Couple of models in production

roaffix · May 22, 2018, 11:22am

Hi everyone,

I’m trying to use couple of different models simultaneously in one big algorithm. Is it possible to run them on single GPU at the same time? And as I see, its kinda hard to deploy pytorch models in production pipeline. Should I turn to ONNX+Caffe2?

Thanks,
Anton

ptrblck · May 22, 2018, 1:42pm

It should be possible to run different models on the same GPU, however I think you could lose a lot of performance, since the models would have to wait for each other to finish the processing.

Maybe multiprocessing might help, but I’m not really familiar with all the limitations.

What kind of deployment environment do you have?
You could easily setup a webserver using flask or any other framework and serve your models there.
If you need a lot of throughput on a local machine, I would go for ONNX and Caffe2.

PyTorch 1.0 will support easy deployment with Caffe2 as stated here. You would have to wait a few months though, because the version is scheduled to be released this summer/autumn as far as I know.

roaffix · May 22, 2018, 2:19pm

however I think you could lose a lot of performance, since the models would have to wait for each other to finish the processing.

What kind of deployment environment do you have?

I used a local machine and it was OK for other frameworks. E.g., in Tensorflow I created two different sessions and used them in the “production pipeline”. So each session was used individually and they were manually allocated in memory. Is it possible to make such a trick with pytorch or onnx + caffe2?

PyTorch 1.0 will support easy deployment with Caffe2 as stated here.
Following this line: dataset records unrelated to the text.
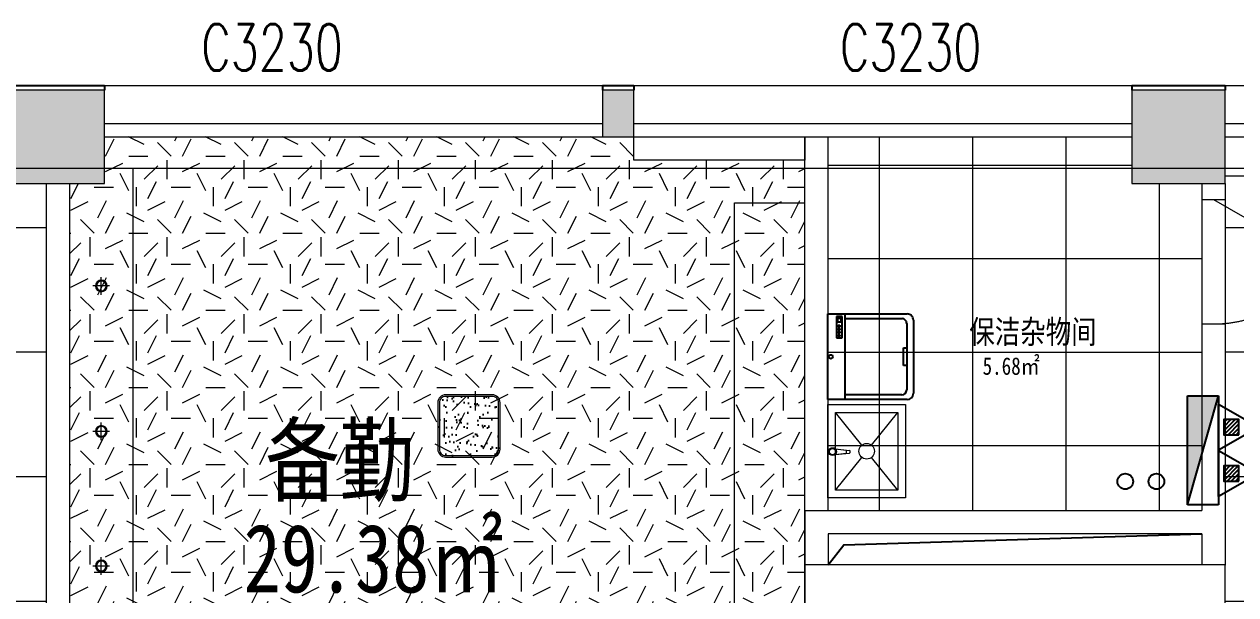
# Model space of a CAD drawing. Header units: millimetres. Extents: x 164760 to 3716174, y -1766400 to 11969.
# Drawn here: x 3548460 to 3556246, y -1633356 to -1629690 of the extents above; entities that cross this region are included whole.
import ezdxf

# ---------------------------------------------------------------- set-up
doc = ezdxf.new("R2010")
doc.units = ezdxf.units.MM
doc.header["$LTSCALE"] = 1000
for name, pattern in [('DASHDOT2', [0.5, 0.25, -0.125, 0, -0.125]), ('DOTE', [2.42, 2, -0.2, 0.02, -0.2]), ('HIDDEN', [0.375, 0.25, -0.125, 0, 0])]:
    doc.linetypes.add(name, pattern=pattern)
doc.layers.get('0').update_dxf_attribs({"color": 253, "linetype": 'CONTINUOUS'})
for name, color, linetype in [('3', 253, 'CONTINUOUS'), ('EQUIP_灭火器', 253, 'CONTINUOUS'), ('FC-Text Annotation', 253, 'CONTINUOUS'), ('FF-FIXT', 253, 'CONTINUOUS'), ('HATCH【填充】', 253, 'CONTINUOUS'), ('SURFACE', 253, 'CONTINUOUS'), ('VPIPE-消防', 253, 'CONTINUOUS'), ('VPIPE-给水', 253, 'CONTINUOUS'), ('WINDOW_TEXT', 253, 'CONTINUOUS')]:
    doc.layers.add(name, color=color, linetype=linetype)
for name, color, linetype, lineweight in [('COLUMN', 253, 'CONTINUOUS', 0), ('DOOR【门】', 253, 'CONTINUOUS', 0), ('FC-FLOOR【地材分格】', 253, 'CONTINUOUS', 0), ('FF-Door【门】', 253, 'CONTINUOUS', 0), ('FF-FIXT【洁具】', 253, 'CONTINUOUS', 0), ('FF-FURN【成品家具】', 253, 'CONTINUOUS', 0), ('FF-Win【窗】', 253, 'CONTINUOUS', 0), ('PUB_HATCH', 253, 'CONTINUOUS', 0), ('RC-LIGHT【天花灯具】', 253, 'CONTINUOUS', 0), ('RC-LIGHT【灯带】', 253, 'DASHDOT2', 0), ('RC-Modelling【天花造型】', 253, 'CONTINUOUS', 0), ('RC-STR【天花细线】', 253, 'CONTINUOUS', 0), ('RC-Text【天花文字】', 253, 'CONTINUOUS', 0), ('TXT【平面空间文字】', 253, 'CONTINUOUS', 0), ('Wall【墙体】', 253, 'CONTINUOUS', 0), ('Xline【辅助线】', 253, 'CONTINUOUS', 0)]:
    doc.layers.add(name, color=color, linetype=linetype, lineweight=lineweight)
doc.styles.add('-宋体', font='', dxfattribs={"width": 0.8})
doc.styles.add('_TCH_WINDOW', font='SIMPLEX', dxfattribs={"bigfont": 'GBCBIG'})
doc.styles.add('XZC', font='SIMPLEX.SHX', dxfattribs={"width": 0.7, "bigfont": 'hztxt.shx'})
doc.styles.add('宋体', font='', dxfattribs={"width": 0.7})
doc.styles.add('文字', font='')
doc.styles.get('-宋体').set_extended_font_data('SimSun')
doc.styles.get('宋体').set_extended_font_data('SimSun')
doc.styles.get('文字').set_extended_font_data('SimSun')
doc.linetypes.add('LED_LINE', pattern='A,12.7,-5.08,["LED",XZC,S=2.54,R=0,X=-2.54,Y=-1.27],-6.35', length=24.13)

# ---------------------------------------------------------------- blocks, each defined once
blk = doc.blocks.new('$WINLIB2D$00000004')
for p, q in [((-0.5, 0.5), (0.5, 0.5)), ((-0.5, 0.5), (-0.5, -0.5)), ((0.5, -0.5), (0.5, 0.5)), ((-0.5, 0.2406), (0.5, 0.2406)), ((-0.5, -0.5), (0.5, -0.5))]:
    blk.add_line(p, q)
blk = doc.blocks.new('海龙_0918165925')
at = {"layer": 'PUB_HATCH'}
for points in [[(17700, -600), (18300, -600), (18300, 0), (17700, 0)], [(21500, -300), (21700, -300), (21700, 0), (21500, 0)], [(24900, -600), (25500, -600), (25500, 0), (24900, 0)]]:
    blk.add_hatch(color=256, dxfattribs=at).paths.add_polyline_path(points)
at = {"layer": 'COLUMN'}
for p, q in [((18300, 0), (17700, 0)), ((25500, 0), (24900, 0)), ((18300, -600), (18300, -300)), ((24900, -300), (24900, -600)), ((25500, -600), (25500, -300)), ((17700, -600), (18300, -600)), ((24900, -600), (25500, -600))]:
    blk.add_line(p, q, dxfattribs=at)
blk = doc.blocks.new('trb')
at = {"layer": 'FF-FIXT【洁具】', "linetype": 'Continuous'}
for p, q in [((537096472, 3532331298), (537096683, 3532331129.2)), ((537096701.7, 3532331300), (537096710.1, 3532331208.1)), ((537096701.7, 3532331300), (537096709.2, 3532331229.8)), ((537096737.6, 3532331299.5), (537096727.7, 3532331208.1)), ((537096737.6, 3532331299.5), (537096728.5, 3532331229.8)), ((537096761, 3532331129.2), (537096972, 3532331298)), ((537096472, 3532330898), (537096683, 3532331066.8)), ((537096761, 3532331066.8), (537096972, 3532330898))]:
    blk.add_line(p, q, dxfattribs=at)
for points in [[(537097022, 3532331348), (537097022, 3532330848), (537096422, 3532330848), (537096422, 3532331348)], [(537096972, 3532331298), (537096972, 3532330898), (537096472, 3532330898), (537096472, 3532331298)]]:
    blk.add_lwpolyline(points, close=True, dxfattribs=at)
for centre, radius in [((537096719.9, 3532331317.5), 25.2), ((537096719.9, 3532331317.5), 20), ((537096722, 3532331098), 50)]:
    blk.add_circle(centre, radius, dxfattribs=at)
for centre, radius, start, end in [((537096718.9, 3532331244.4), 17.5, 236.47802, 303.52198), ((537096718.9, 3532331213.9), 10.6, 213.66185, 326.33815)]:
    blk.add_arc(centre, radius, start, end, dxfattribs=at)
blk = doc.blocks.new('DOORBLK101')
at = {"layer": 'FF-Door【门】'}
blk.add_line((-0.5, 0), (0, 0.866), dxfattribs=at)
at = {"layer": 'FF-Door【门】', "color": 8, "linetype": 'HIDDEN', "ltscale": 15}
blk.add_arc((-0.5, 0), 1, 0, 60, dxfattribs=at)
blk = doc.blocks.new('ZL_10267726')
at = {"layer": 'RC-LIGHT【天花灯具】'}
h = blk.add_hatch(dxfattribs=at)
h.set_pattern_fill('_USER', color=8, scale=50, angle=90, double=1, pattern_type=0)
h.set_pattern_definition([(90, (25, -500), (-50, 3e-15), []), (180, (25, -500), (-6e-15, -50), [])])
h.paths.add_polyline_path([(-25, 0), (-25, -500), (25, -500), (25, 0)])
at = {"layer": 'RC-LIGHT【天花灯具】', "color": 2}
blk.add_lwpolyline([(-25, -500), (-25, 0), (25, 0), (25, -500)], close=True, dxfattribs=at)
at = {"layer": 'RC-LIGHT【天花灯具】', "color": 1, "lineweight": -3}
for centre in [(0, -26.9), (0, -76.9), (0, -126.9), (0, -176.9), (0, -226.9), (0, -276.9), (0, -326.9), (0, -376.9), (0, -426.9), (0, -476.9)]:
    blk.add_circle(centre, 10, dxfattribs=at)
blk = doc.blocks.new('圆形筒灯')
at = {"color": 251, "linetype": 'DOTE', "ltscale": 43.504693}
blk.add_line((0, 90.6), (0, -90.6), dxfattribs=at)
at = {"color": 251, "linetype": 'DOTE', "ltscale": 41.297046}
blk.add_line((86, 0), (-86, 0), dxfattribs=at)
blk.add_ellipse((0, 0), major_axis=(-42.4, 42.4), ratio=1, start_param=2.355868237233172, end_param=8.639053544412757)
at = {"color": 251}
blk.add_ellipse((0, 0), major_axis=(35.4, 35.4), ratio=1, start_param=5.49871431692557, end_param=11.78189962410516, dxfattribs=at)
blk = doc.blocks.new('ZL_0603185999')
at = {"layer": 'RC-LIGHT【灯带】', "linetype": 'LED_LINE', "ltscale": 0.015}
blk.add_lwpolyline([(1362.5, -6100), (1362.5, -50)], dxfattribs=at)
at = {"layer": 'RC-Modelling【天花造型】'}
for p, q in [((1612.5, 0), (-1612.5, 0)), ((1612.5, -50), (-1612.5, -50))]:
    blk.add_line(p, q, dxfattribs=at)
blk.add_lwpolyline([(1612.5, -6100), (1412.5, -6100), (1412.5, -50)], dxfattribs=at)
at = {"layer": 'RC-STR【天花细线】'}
for points in [[(-932.5, -6100), (-1012.5, -6100), (-1012.5, -50), (-932.5, -50)], [(1412.5, -1058.3), (-932.5, -1058.3), (-932.5, -1048.3), (1412.5, -1048.3)], [(1412.5, -2066.7), (-932.5, -2066.7), (-932.5, -2056.7), (1412.5, -2056.7)], [(1412.5, -3075), (-932.5, -3075), (-932.5, -3065), (1412.5, -3065)], [(1412.5, -4083.3), (-932.5, -4083.3), (-932.5, -4073.3), (1412.5, -4073.3)], [(1412.5, -5091.7), (-932.5, -5091.7), (-932.5, -5081.7), (1412.5, -5081.7)], [(1412.5, -6100), (-1612.5, -6100), (-1612.5, -6090), (1412.5, -6090)]]:
    blk.add_lwpolyline(points, close=True, dxfattribs=at)
at = {"layer": 'RC-LIGHT【天花灯具】', "xscale": -1, "rotation": 180}
for p in [(215, -549.2), (215, -1557.5), (215, -2565.8), (215, -3574.2), (215, -4582.5), (215, -5590.8)]:
    blk.add_blockref('圆形筒灯', p, dxfattribs=at)
at = {"layer": 'RC-LIGHT【天花灯具】', "lineweight": -3, "xscale": 0.8, "yscale": 0.8, "zscale": 0.8, "rotation": 180}
for p in [(-972.5, -887), (-972.5, -2087), (-972.5, -3287), (-972.5, -4487), (-972.5, -5687)]:
    blk.add_blockref('ZL_10267726', p, dxfattribs=at)
blk = doc.blocks.new('ZL_0603123899')
at = {"layer": 'HATCH【填充】'}
h = blk.add_hatch(dxfattribs=at)
h.set_pattern_fill('AR-SAND', color=251, scale=2)
h.set_pattern_definition([(37.5, (-190, -390), (-3.2, 97.883), [0, -77.216, 0, -86.36, 0, -82.55]), (7.5, (-190, -390), (89.905, 143.365), [0, -41.656, 0, -69.596, 0, -26.67]), (327.5, (-252.48, -390), (158.198, 0.287), [0, -25.4, 0, -91.44, 0, -119.38]), (317.5, (-252.48, -390), (152.71, 44.586), [0, -12.7, 0, -59.944, 0, -68.58])])
h.paths.add_polyline_path([(190, -50, 0.414214), (150, -10), (-150, -10, 0.414214), (-190, -50), (-190, -350, 0.414214), (-150, -390), (150, -390, 0.414214), (190, -350)])
at = {"layer": 'RC-LIGHT【天花灯具】'}
blk.add_lwpolyline([(-150, 0), (150, 0, -0.414214), (200, -50), (200, -350, -0.414214), (150, -400), (-150, -400, -0.414214), (-200, -350), (-200, -50, -0.414214)], format="xyb", close=True, dxfattribs=at)
at = {"layer": 'RC-LIGHT【天花灯具】', "color": 8}
blk.add_lwpolyline([(-150, -10), (150, -10, -0.414214), (190, -50), (190, -350, -0.414214), (150, -390), (-150, -390, -0.414214), (-190, -350), (-190, -50, -0.414214)], format="xyb", close=True, dxfattribs=at)
blk = doc.blocks.new('$TwtSys$00000546')
h = blk.add_hatch()
h.set_pattern_fill('ANSI31', color=256, scale=200, style=0)
h.set_pattern_definition([(45, (-38543.802, -6670.83), (-17.67767, 17.67767), [])])
h.paths.add_polyline_path([(-65, 174), (65, 174), (65, 44), (-65, 44)])
for points in [[(0, 344), (-198, 0), (198, 0)], [(-65, 174), (65, 174), (65, 44), (-65, 44)]]:
    blk.add_lwpolyline(points, close=True)
blk = doc.blocks.new('海龍01162612')
at = {"color": 1}
for p, q in [((-100, 0), (100, 0)), ((-100, -700), (-100, 0)), ((-100, -700), (100, 0)), ((100, 0), (100, -700)), ((100, -700), (-100, -700))]:
    blk.add_line(p, q, dxfattribs=at)
blk.add_solid([(-100, 0), (100, 0), (-100, -700)], dxfattribs=at)

msp = doc.modelspace()

# ---------------------------------------------------------------- hatches: boundary and pattern name
at = {"layer": 'FC-FLOOR【地材分格】'}
h = msp.add_hatch(dxfattribs=at)
h.set_pattern_fill('_USER', color=256, scale=800, double=1, pattern_type=0)
h.set_pattern_definition([(0, (3778355.65, -1406196.8), (0, 800), []), (90, (3778355.65, -1406196.8), (-800, 5e-14), [])])
h.paths.add_polyline_path([(3577178.4, -1636714.2), (3575935.2, -1636714.2), (3573976.9, -1636714.2), (3573376.9, -1636714.2), (3572826.9, -1636714.2), (3571326.9, -1636713.4), (3571326.9, -1636714.2), (3570576.9, -1636714.2), (3569976.9, -1636714.2), (3569576.9, -1636714.2), (3568476.9, -1636714.2), (3565041.8, -1636714.2), (3563941.8, -1636714.2), (3561222.8, -1636714.2), (3560122.8, -1636714.2), (3559398.8, -1636714.2), (3559398.8, -1630414.2), (3559376.9, -1630414.2), (3556176.9, -1630414.2), (3556176.9, -1630714.2), (3556176.9, -1633165.3), (3556176.9, -1633914.2), (3556176.9, -1635014.2), (3556176.9, -1635764.2), (3556176.9, -1636714.2), (3556026.9, -1636714.2), (3556026.9, -1636564.2), (3556026.9, -1636714.2), (3555226.9, -1636714.2), (3555226.9, -1636564.2), (3555226.9, -1636714.2), (3555151.9, -1636714.2), (3554926.9, -1636714.2), (3554926.9, -1636564.2), (3555076.9, -1636564.2), (3555076.9, -1636714.2), (3553476.9, -1636714.2), (3553476.9, -1636715.3), (3551751.9, -1636715.3), (3551751.9, -1636715.3), (3550851.9, -1636715.3), (3548752, -1636715.3), (3548752, -1636865.5), (3548602, -1636865.5), (3548602, -1636715.3), (3548601.9, -1630714.2), (3548376.9, -1630714.2), (3548376.9, -1630414.2), (3545176.9, -1630414.2), (3544976.9, -1630414.2), (3541776.9, -1630414.2), (3541776.9, -1630714.2), (3541176.9, -1630714.2), (3541176.9, -1630414.2), (3537976.9, -1630414.2), (3537776.9, -1630414.2), (3534576.9, -1630414.2), (3534576.9, -1630714.2), (3534126.9, -1630714.2), (3534126.9, -1632064.1), (3534136.9, -1632064.1), (3534136.9, -1632814.2), (3536676.9, -1632814.2), (3536676.9, -1633164.2), (3536676.9, -1635764.2), (3536676.9, -1636714.2), (3536426.9, -1636714.2), (3534126.9, -1636714.2), (3533976.9, -1636714.2), (3533976.9, -1635764.2), (3533976.9, -1635014.2), (3533976.9, -1633914.2), (3533976.9, -1633164.2), (3533976.9, -1632889.2), (3533976.9, -1630714.2), (3533976.9, -1630414.2), (3530751.9, -1630414.2), (3530751.9, -1636714.2), (3530359.9, -1636714.2), (3529259.9, -1636714.2), (3521433.8, -1636714.2), (3520335.5, -1636714.2), (3520176.9, -1636714.2), (3519576.9, -1636714.2), (3518826.9, -1636714.2), (3518826.9, -1636713), (3517326.9, -1636713), (3517326.9, -1636714.2), (3516776.9, -1636714.2), (3516176.9, -1636714.2), (3516076.9, -1636714.2), (3514976.9, -1636714.2), (3513576.9, -1636714.2), (3513576.9, -1636714.2), (3512526.9, -1636714.2), (3512526.9, -1636714.2), (3509827.2, -1636714.2), (3508327.2, -1636714.2), (3507802.2, -1636714.2), (3507626.9, -1636714.2), (3505326.9, -1636714.2), (3505176.9, -1636714.2), (3505176.9, -1635764.2), (3505176.9, -1635014.2), (3505176.9, -1633914.2), (3505176.9, -1633164.2), (3505176.9, -1632889.2), (3505176.9, -1630714.2), (3505176.9, -1630414.2), (3501951.9, -1630414.2), (3501951.9, -1636714.2), (3501649.1, -1636714.2), (3500552.4, -1636714.2), (3492635.5, -1636714.2), (3491535.5, -1636714.2), (3491376.9, -1636714.2), (3490776.9, -1636714.2), (3490026.9, -1636714.2), (3488526.9, -1636714.2), (3487976.9, -1636714.2), (3487376.9, -1636714.2), (3487326.9, -1636714.2), (3486326.9, -1636714.2), (3485176.9, -1636714.2), (3484176.9, -1636714.2), (3484176.9, -1636744.2), (3484176.9, -1638484.2), (3484176.9, -1639114.2), (3483776.9, -1639114.2), (3483776.9, -1639665.4), (3484440.4, -1639665.4), (3485940.4, -1639665.4), (3486140.4, -1639665.4), (3486140.4, -1638964.2), (3490776.9, -1638964.2), (3490776.9, -1638514.2), (3491376.9, -1638514.2), (3491376.9, -1638964.2), (3496151.9, -1638964.2), (3496151.9, -1639665.4), (3496351.9, -1639665.4), (3497851.9, -1639665.4), (3498201.9, -1639665.4), (3498201.9, -1639114.2), (3497976.9, -1639114.2), (3497976.9, -1638514.2), (3498576.9, -1638514.2), (3498576.9, -1638964.2), (3499525.2, -1638964.2), (3501025.2, -1638964.2), (3505176.9, -1638964.2), (3505176.9, -1638514.2), (3505776.9, -1638514.2), (3505776.9, -1638964.2), (3509765.2, -1638964.2), (3511265.2, -1638964.2), (3512376.9, -1638964.2), (3512376.9, -1638514.2), (3512976.9, -1638514.2), (3512976.9, -1638964.2), (3514106.7, -1638964.2), (3515606.7, -1638964.2), (3519576.9, -1638964.2), (3519576.9, -1638514.2), (3520176.9, -1638514.2), (3520176.9, -1638964.2), (3524402.6, -1638964.2), (3525902.6, -1638964.2), (3526776.9, -1638964.2), (3526776.9, -1638514.2), (3527376.9, -1638514.2), (3527376.9, -1638964.2), (3528210, -1638964.2), (3529710, -1638964.2), (3533976.9, -1638964.2), (3533976.9, -1638514.2), (3534576.9, -1638514.2), (3534576.9, -1638964.2), (3537876.9, -1638964.2), (3538648.3, -1638964.2), (3540148.3, -1638964.2), (3541176.9, -1638964.2), (3541176.9, -1638514.2), (3541776.9, -1638514.2), (3541776.9, -1638964.2), (3544326.9, -1638964.2), (3545826.9, -1638964.2), (3548376.9, -1638964.2), (3548376.9, -1638514.2), (3548602, -1638514.2), (3548602, -1638365.5), (3548752, -1638365.5), (3548752, -1638514.2), (3548976.9, -1638514.2), (3548976.9, -1638964.2), (3549079.2, -1638964.2), (3549079.2, -1638964.2), (3549981.8, -1638964.2), (3554572, -1638964.2), (3554572, -1638964.2), (3555474.6, -1638964.2), (3555576.9, -1638964.2), (3555576.9, -1638514.2), (3556176.9, -1638514.2), (3556176.9, -1638964.2), (3556275, -1638964.2), (3556275, -1638964.2), (3557175, -1638964.2), (3561151.4, -1638964.2), (3562251.4, -1638964.2), (3562776.9, -1638964.2), (3562776.9, -1638514.2), (3563376.9, -1638514.2), (3563376.9, -1638964.2), (3563902.5, -1638964.2), (3565002.5, -1638964.2), (3568351.4, -1638964.2), (3569451.4, -1638964.2), (3569976.9, -1638964.2), (3569976.9, -1638514.2), (3570576.9, -1638514.2), (3570576.9, -1638964.2), (3575551.4, -1638964.2), (3576651.4, -1638964.2), (3577176.9, -1638964.2), (3577176.9, -1638484.2), (3577178.4, -1638484.2)])
h = msp.add_hatch(dxfattribs=at)
h.set_pattern_fill('DD地毯1SC500', color=256, scale=495, double=1, pattern_type=2)
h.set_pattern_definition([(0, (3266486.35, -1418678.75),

As I understood, release 1.0 will just simplify the onnx+caffe2 conversion. Am I wrong and it will be another solution? Anyway, I would like to find an alternative 1.0 solution now, if it possible

ptrblck · May 22, 2018, 2:25pm

You could just create several different models, push them onto the GPU and feed your data.
I suppose Tensorflow is doing the same.
However, since the GPU has limited resources, your performance might be limited, since the models might have to wait for each other.
You could try to use the CPU instead, if you have single input images for example.

As a side note: maybe glow might be interesting for you.

Yeah, that’s also how I understand it.

roaffix · May 22, 2018, 2:36pm

So, as I understood:

I save a model this way

# ... some code here
torch.save(model.state_dict(), "{}.pt".format(output_name))
# NOTE: output_name is modelX_name in next steps

Then I load model this way

model1 = ... # your model1. E.g, model1 = CatDogClassifier().to('cuda')
model2 = ... # your model2
model1.load_state_dict(torch.load(model1_name))
model2.load_state_dict(torch.load(model2_name))

And If I want to make a prediction I simply type

X = ... #some data. 
# e.g, X = torch.tensor(X, requires_grad=False, dtype=torch.float).to('cuda')
out1 = torch.max(model1(X), 1)[1]
# and for numpy output if you use 'cuda':
# out1 = torch.max(model1(X), 1)[1].cpu().numpy()

Please, correct me if I’m wrong. Can you provide something like pseudocode if I’m missed something?

ptrblck · May 22, 2018, 2:40pm

Looks perfectly fine!
Your model might not be located at torch.Model(), but I assume that’s just a typo.

You should definitely check, if CPU won’t be faster for single inputs.

roaffix · May 22, 2018, 2:52pm

Thanks. I will try ASAP

roaffix · May 25, 2018, 1:03pm

So, in my typo model1 = torch.Model() I loaded a model as the class. Is it possible to avoid this step?
Also, state_dict raises the error with unexpected and missing keys.

ptrblck · May 25, 2018, 1:54pm

I’m not sure, how else you would like to get your predictions.
A model might be the easiest solution.
Why do you want to avoid it?

The state_dict errors is thrown, if you save a model and change its architecture after.

roaffix · May 25, 2018, 2:14pm

Just tried to avoid long dependencies.

upd. Solved problem with state_dict. That was my mistake

roaffix · May 25, 2018, 3:21pm

Note for hackers, who will look through this post later. I changed a little bit post with a solution, so don’t get confused about later my or @ptrblck comments

SixerWang · November 30, 2020, 8:38am

I am sorry, I don’t understand how to run two models at the same time, your code could do this?